Rogers believes a better solution to address potential misuse would be to bolster the powers of magistrates to empower them to stop issuing summons for minor cases when they determine them to be a risk of disproportionate legal expenditure. ‘There are some people out there who do bring valuable prosecutions, including some prosecutions against fraudsters which have resulted in confiscation orders of millions of pounds, so there is a clear downside to disincentivising all prosecutions by aggrieved individuals,’ he says.
Statistics included in the Justice Select Committee report show that many private prosecutions cost the taxpayer more than CPS prosecutions. ‘It’s difficult to see how the taxpayer can be asked to accept that the state can afford to meet the higher cost of private prosecutions but simultaneously does not have enough resource to properly fund the police or CPS to bring the same case,’ says Warlow.
Protecting defence rights
Minty says that public awareness about private prosecutions and the rights of defendants has increased in the past ten years, following the Post Office scandal, and magistrates have started to subject applications to even greater scrutiny before granting summons for cases. ‘For example, one of the things most defendants in private prosecutions didn’t know is that you could refer the case to the CPS. Now that is universal knowledge,’ he says.
The CPS has the power to send back, take over, continue or discontinue private prosecutions referred to the prosecuting authority. The annual number of private prosecutions referred to the CPS is unclear because the prosecuting authority does not maintain a central record of the referrals. The CPS told Global Insight in response to a Freedom of Information request that between April 2020 and March 2025 the number of private prosecutions sent by the CPS to its Special Crime Division to quality assure its decisions on cases was on average 32 per year. The data shows most cases quality assured by the Special Crime Division were taken over by the CPS and brought by individual prosecutors.
The number of private prosecutions referred to the CPS Special Crime Division for quality assurance between April 2020 and March 2025
Note: This information is recorded for case working purposes and not for the purpose of official statistics. The data provided may be subject to possible errors with data entry and processing and these figures are provisional and subject to change as more information is recorded and updated.

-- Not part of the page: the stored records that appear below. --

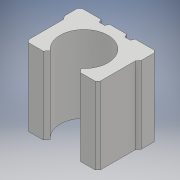
# Autodesk Inventor part: PilowBlockAbertoSBR16
Saved by Autodesk Inventor 2018 (Build 220112000, 112)
## iProperties
Created: 2018-09-20
Part Number: PilowBlockAbertoSBR16
Material: Genérico
Document SubType Name: Modeling
Designer: Georgines
Density: 1 g/cm^3
Appearance: Padrão
Author: Georgines
Autodesk Inventor part; units mm, degrees
ref_plane "YZ Plane" through (0, 0, 0) normal (1, 0, 0) x (0, 1, 0)
ref_plane "XZ Plane" through (0, 0, 0) normal (0, 1, 0) x (-1, 0, 0)
ref_plane "XY Plane" through (0, 0, 0) normal (0, 0, 1) x (1, 0, 0)
sketch "Esboço1" plane through (0, 0, 0) normal (0, 0, 1) x (1, 0, 0)
  line L0 (-22.5, 16.605) -> (22.5, 16.605) construction
  line L1 (22.5, 16.605) -> (22.5, -16.395) construction
  line L2 (22.5, -16.395) -> (-22.5, -16.395) construction
  line L3 (-22.5, -16.395) -> (-22.5, 16.605) construction
  line L4 (-14, 20.4248) -> (-14, -25.3484) construction
  line L5 (14, 20.4248) -> (14, -25.3484) construction
  line L6 (0, 20.9223) -> (0, -24.8509) construction
  line L7 (-26.3196, -3.395) -> (26.3196, -3.395) construction
  line L8 (-26.3196, 7.605) -> (26.3196, 7.605) construction
  line L9 (-21, 20.7786) -> (-21, -24.9946) construction
  line L10 (21, 20.4248) -> (21, -25.3484) construction
  line L11 (0, -3.395) -> (-21.4941, -29.0107) construction
  line L12 (0, -3.395) -> (21.8166, -29.395) construction
  line L13 (-10, 20.4248) -> (-10, -25.3484) construction
  line L14 (-5, 20.4248) -> (-5, -25.3484) construction
  line L15 (5, 20.9223) -> (5, -24.8509) construction
  line L16 (10, 20.9223) -> (10, -24.8509) construction
  line L17 (-26.3196, 5.605) -> (26.3196, 5.605) construction
  line L18 (-22.5, 16.605) -> (-22.5, 7.605)
  line L19 (-22.5, 7.605) -> (-21, 5.605)
  line L20 (-21, 5.605) -> (-21, -16.395)
  line L21 (-21, -16.395) -> (-10.9083, -16.395)
  line L22 (-10.9083, -16.395) -> (-8.999, -14.1196)
  line L23 (8.999, -14.1196) -> (10.9083, -16.395)
  line L24 (10.9083, -16.395) -> (21, -16.395)
  line L25 (22.5, 7.605) -> (22.5, 16.605)
  line L26 (26.3196, 14.605) -> (-26.3196, 14.605) construction
  line L27 (-22.5, 16.605) -> (-10, 16.605)
  line L28 (-5, 16.605) -> (5, 16.605)
  line L29 (22.5, 16.605) -> (10, 16.605)
  arc A0 (8.999, -14.1196) -> (-8.999, -14.1196) centre (0, -3.395) ccw
  line L30 (-10, 16.605) -> (-7.6714, 16.605) construction
  line L31 (-10, 16.605) -> (-9.0674, 14.605)
  line L32 (-10, 16.605) -> (-7.7932, 16.605) construction
  line L33 (-5, 16.605) -> (-5.9326, 14.605)
  line L34 (-5, 16.605) -> (-2.7932, 16.605) construction
  line L35 (-5.9326, 14.605) -> (-9.0674, 14.605)
  line L36 (5, 16.605) -> (5.9326, 14.605)
  line L37 (10, 16.605) -> (9.0674, 14.605)
  line L38 (5.9326, 14.605) -> (9.0674, 14.605)
  line L39 (21, -16.395) -> (21, 5.605)
  line L40 (22.5, 7.605) -> (21, 5.605)
  point P0 (0, 0)
  point P1 (0, 16.605)
  point P2 (0, 7.605)
  dimension "largura" = 45
  dimension "altura" = 33
  dimension "d2" = 14
  dimension "d3" = 14
  dimension "d4" = 20
  dimension "d5" = 9
  dimension "d7" = 1.5
  dimension "d8" = 1.5
  dimension "d9" = 40
  dimension "d10" = 40
  dimension "d11" = 5
  dimension "d12" = 5
  dimension "d13" = 10
  dimension "d14" = 10
  dimension "d15" = 2
  dimension "d16" = 2
  dimension "d18" = 14
  dimension "d21" = 115
  dimension "d22" = 115
  dimension "d23" = 115
  dimension "d24" = 115
  constraints: 82 end point, 32 point on line, 7 vertical, 6 horizontal, 6 parallel, 4 collinear, 4 midpoint, 2 coincident, 2 equal length, 2 point on circle, 1 centre point, 1 perpendicular
  measures "largura" distance of L0.start L0.end
  measures "altura" distance of L2.end L0.start
  measures "d2" distance between parallel lines of L4 L6
  measures "d3" distance between parallel lines of L5 L6
  measures "d4" distance between parallel lines of L7 L0
  measures "d5" distance between parallel lines of L8 L0
  measures "d7" distance between parallel lines of L1 L10
  measures "d8" distance between parallel lines of L3 L9
  measures "d9" angle of L11 L6
  measures "d10" angle of L6 L12
  measures "d11" distance between parallel lines of L14 L6
  measures "d12" distance between parallel lines of L15 L6
  measures "d13" distance between parallel lines of L13 L6
  measures "d14" distance between parallel lines of L16 L6
  measures "d15" distance between parallel lines of L17 L8
  measures "d16" distance between parallel lines of L26 L0
  measures "d18" radius of A0
  measures "d21" angle of L33 L34
  measures "d22" angle of L37 L0
  measures "d23" angle of L36 L28
  measures "d24" angle of L31 L0
extrude "Extrusão1" add sketch "Esboço1" along normal blind 45
chamfer "Chanfro1" distance 1.5 angle 45 4 edges at (22.5, 16.605, 22.5) (-22.5, 16.605, 22.5) (21, -16.395, 22.5) (-21, -16.395, 22.5)
equation "\"d3\" = d2"
equation "\"d8\" = d7"
equation "\"d10\" = d9"
equation "\"d12\" = d11"
equation "\"d14\" = d13"

The CPS says in its legal guidance on private prosecutions that CPS prosecutors should inform the Special Crime Division of any private prosecution that has been referred to the CPS, before a decision is communicated to any of the parties, to quality assure its decisions on cases.
Hungerford-Welch, who, alongside Minty and Rogers, gave evidence to the Justice Select Committee related to private prosecutions, says that an amendment to the Criminal Practice Directions – a code of practice that is not legislation but binding to the courts and parties in criminal cases – should be made which requires defendants in private prosecutions to be informed about their right to ask the CPS to review their case. He also believes it should be mandatory for defendants to be notified of the prosecutor’s application for a summons, unless there is good reason not to, to allow the accused the opportunity to make representations at a court hearing.
‘Whilst it is right that focus should be placed on achieving justice for victims of criminality, the defendant’s position must not be overlooked,’ says Warlow. ‘An improperly brought prosecution, whether private or by the state, can have serious and far-ranging consequences financially, physically, emotionally and reputationally.’